Data for analysis:
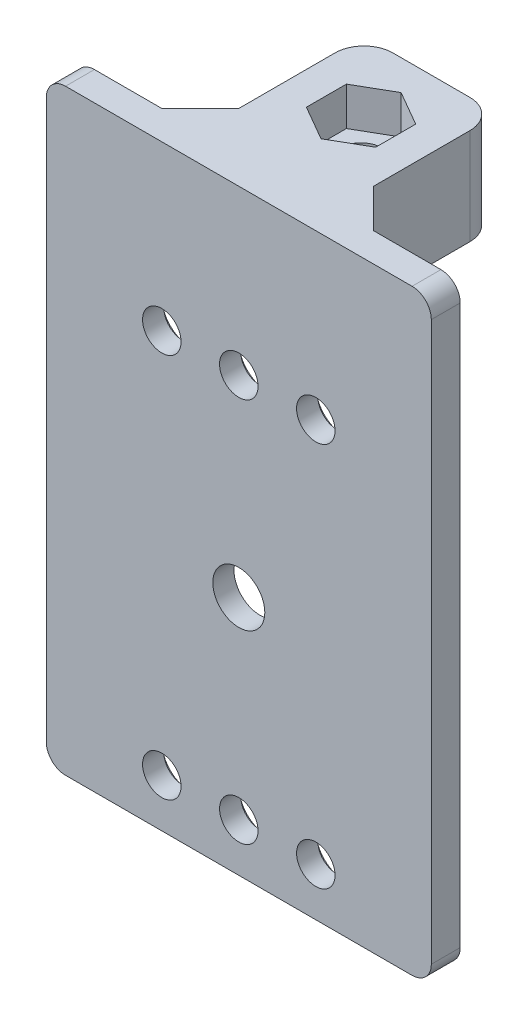
SolidWorks part; units mm, degrees
ref_plane "前视基准面" through (0, 0, 0) normal (0, 0, 1) x (1, 0, 0)
ref_plane "上视基准面" through (0, 0, 0) normal (0, 1, 0) x (1, 0, 0)
ref_plane "右视基准面" through (0, 0, 0) normal (1, 0, 0) x (0, 0, -1)
sketch "草图1" plane through (0, 0, 0) normal (0, 0, 1) x (1, 0, 0)
  line L0 (0, -1000) -> (0, 49000) construction
  line L1 (-15, -37) -> (15, -37) construction
  line L2 (-15, -37) -> (-15, 37)
  line L3 (-15, 37) -> (15, 37)
  line L4 (15, -37) -> (15, 37)
  line L5 (-15, -37) -> (15, 37) construction
  line L6 (-15, 37) -> (15, -37) construction
  line L7 (-15, -25) -> (15, -25)
  line L8 (15, -25) -> (20, -25)
  line L9 (20, -25) -> (20, 37)
  line L10 (20, 37) -> (15, 37)
  line L11 (-15, 37) -> (-20, 37)
  line L12 (-20, 37) -> (-20, -25)
  line L13 (-20, -25) -> (-15, -25)
  line L14 (-15, -25) -> (15, -25) construction
  line L15 (-15, -25) -> (-15, 25)
  line L16 (-15, 25) -> (15, 25) construction
  line L17 (15, -25) -> (15, 25)
  line L18 (-15, -25) -> (15, 25) construction
  line L19 (-15, 25) -> (15, -25) construction
  line L20 (-15, 0) -> (15, 0) construction
  circle A0 centre (0, 20) radius 2
  circle A1 centre (8, 20) radius 2
  circle A2 centre (-8, 20) radius 2
  circle A3 centre (0, 0) radius 2.7
  circle A4 centre (8, -20) radius 2
  circle A5 centre (0, -20) radius 2
  circle A6 centre (-8, -20) radius 2
  point P0 (0, 0)
  point P19 (0, 0)
  dimension "D5" = 4
  dimension "D7" = 4
  dimension "D3" = 5.4
  dimension "D1" = 30
  dimension "D2" = 12
  dimension "D4" = 20
  dimension "D6" = 16
  dimension "D8" = 5
  dimension "D9" = 5
  dimension "D12" = 40
extrude "凸台-拉伸1" add sketch "草图1" along normal blind 3 contours L3 | L3 L2 L1 L4 | L9 L10 L4 L8 | L12 L13 L2 L11 region at (-17.5, 6, 0) region at (0, 6.3348, 0) region at (17.5, 6, 0)
sketch "草图3" plane through (0, 0, 0) normal (0, 0, -1) x (-1, 0, 0)
  line L0 (20, 37) -> (-20, 37) construction
  line L1 (-7, 27) -> (7, 27)
  line L2 (-7, 27) -> (-7, 37)
  line L3 (-7, 37) -> (7, 37)
  line L4 (7, 27) -> (7, 37)
  line L5 (-7, 27) -> (7, 37) construction
  line L6 (-7, 37) -> (7, 27) construction
  point P0 (0, 32)
  dimension "D1" = 14
  dimension "D2" = 10
extrude "凸台-拉伸2" add sketch "草图3" along normal blind 17
sketch "草图5" plane through (0, 27, 0) normal (0, -1, 0) x (1, 0, 0)
  line L0 (-7, -17) -> (-7, 0) construction
  line L1 (3.6, -11.7785) -> (3.6, -7.6215)
  line L2 (3.6, -7.6215) -> (0, -5.5431)
  line L3 (0, -5.5431) -> (-3.6, -7.6215)
  line L4 (-3.6, -7.6215) -> (-3.6, -11.7785)
  line L5 (-3.6, -11.7785) -> (0, -13.8569)
  line L6 (0, -13.8569) -> (3.6, -11.7785)
  line L7 (7, -17) -> (-7, -17) construction
  line L8 (-7, -17) -> (-7, 0) construction
  line L9 (7, 0) -> (-7, 0) construction
  circle A0 centre (0, -9.7) radius 3.6 construction
  point P16 (0, 0)
  dimension "D1" = 7.2
  dimension "D2" = 7.3
  dimension "D3" = 9.7
extrude "切除-拉伸1" cut sketch "草图5" along normal blind 4 from surface starting at face at (-1.625, 37, -5.625)
sketch "草图6" plane through (0, 33, 0) normal (0, 1, 0) x (-1, 0, 0)
  line L1 (0, -5.5431) -> (-3.6, -7.6215) construction
  line L2 (-3.6, -7.6215) -> (-3.6, -11.7785) construction
  line L3 (-3.6, -11.7785) -> (0, -13.8569) construction
  line L4 (0, -13.8569) -> (3.6, -11.7785) construction
  line L5 (3.6, -11.7785) -> (3.6, -7.6215) construction
  line L6 (3.6, -7.6215) -> (0, -5.5431) construction
  circle A0 centre (0, -9.7) radius 2.2
  circle A1 centre (0, -9.7) radius 3.6 construction
  dimension "D1" = 4.4
  dimension "D2" = 9.7
extrude "切除-拉伸2" cut sketch "草图6" against normal up to next
fillet "圆角1" radius 3 2 edges at (-7, 32, -17) (7, 32, -17)
chamfer "倒角1" distance 4 angle 45 2 edges
extrude "切除-拉伸3" cut sketch "草图5<2>" against normal blind 3
sketch "草图5<2>" plane through (0, 27, 0) normal (0, -1, 0) x (1, 0, 0) same geometry as "草图5"
fillet "圆角2" radius 2 4 edges at (-20, 37, 1.5) (20, 37, 1.5) (20, -25, 1.5) (-20, -25, 1.5)
sketch "草图7" plane through (0, 0, 0) normal (0, 0, -1) x (-1, 0, 0)
  line L0 (-1000, 0) -> (49000, 0) construction
  line L1 (0, -1000) -> (0, 49000) construction
  circle A0 centre (0, 0) radius 5
  circle A1 centre (-8, 20) radius 3
  circle A2 centre (0, 20) radius 3
  circle A3 centre (8, 20) radius 3
  circle A4 centre (8, -20) radius 3
  circle A5 centre (0, -20) radius 3
  circle A6 centre (-8, -20) radius 3
  dimension "D1" = 6
  dimension "D2" = 6
  dimension "D3" = 10
extrude "切除-拉伸4" cut sketch "草图7" against normal blind 0.8

Instructions to follow: Copy from the entries above each line in which the string "extrude" can be found.

Written response:
extrude "凸台-拉伸1" add sketch "草图1" along normal blind 3 contours L3 | L3 L2 L1 L4 | L9 L10 L4 L8 | L12 L13 L2 L11 region at (-17.5, 6, 0) region at (0, 6.3348, 0) region at (17.5, 6, 0)
extrude "凸台-拉伸2" add sketch "草图3" along normal blind 17
extrude "切除-拉伸1" cut sketch "草图5" along normal blind 4 from surface starting at face at (-1.625, 37, -5.625)
extrude "切除-拉伸2" cut sketch "草图6" against normal up to next
extrude "切除-拉伸3" cut sketch "草图5<2>" against normal blind 3
extrude "切除-拉伸4" cut sketch "草图7" against normal blind 0.8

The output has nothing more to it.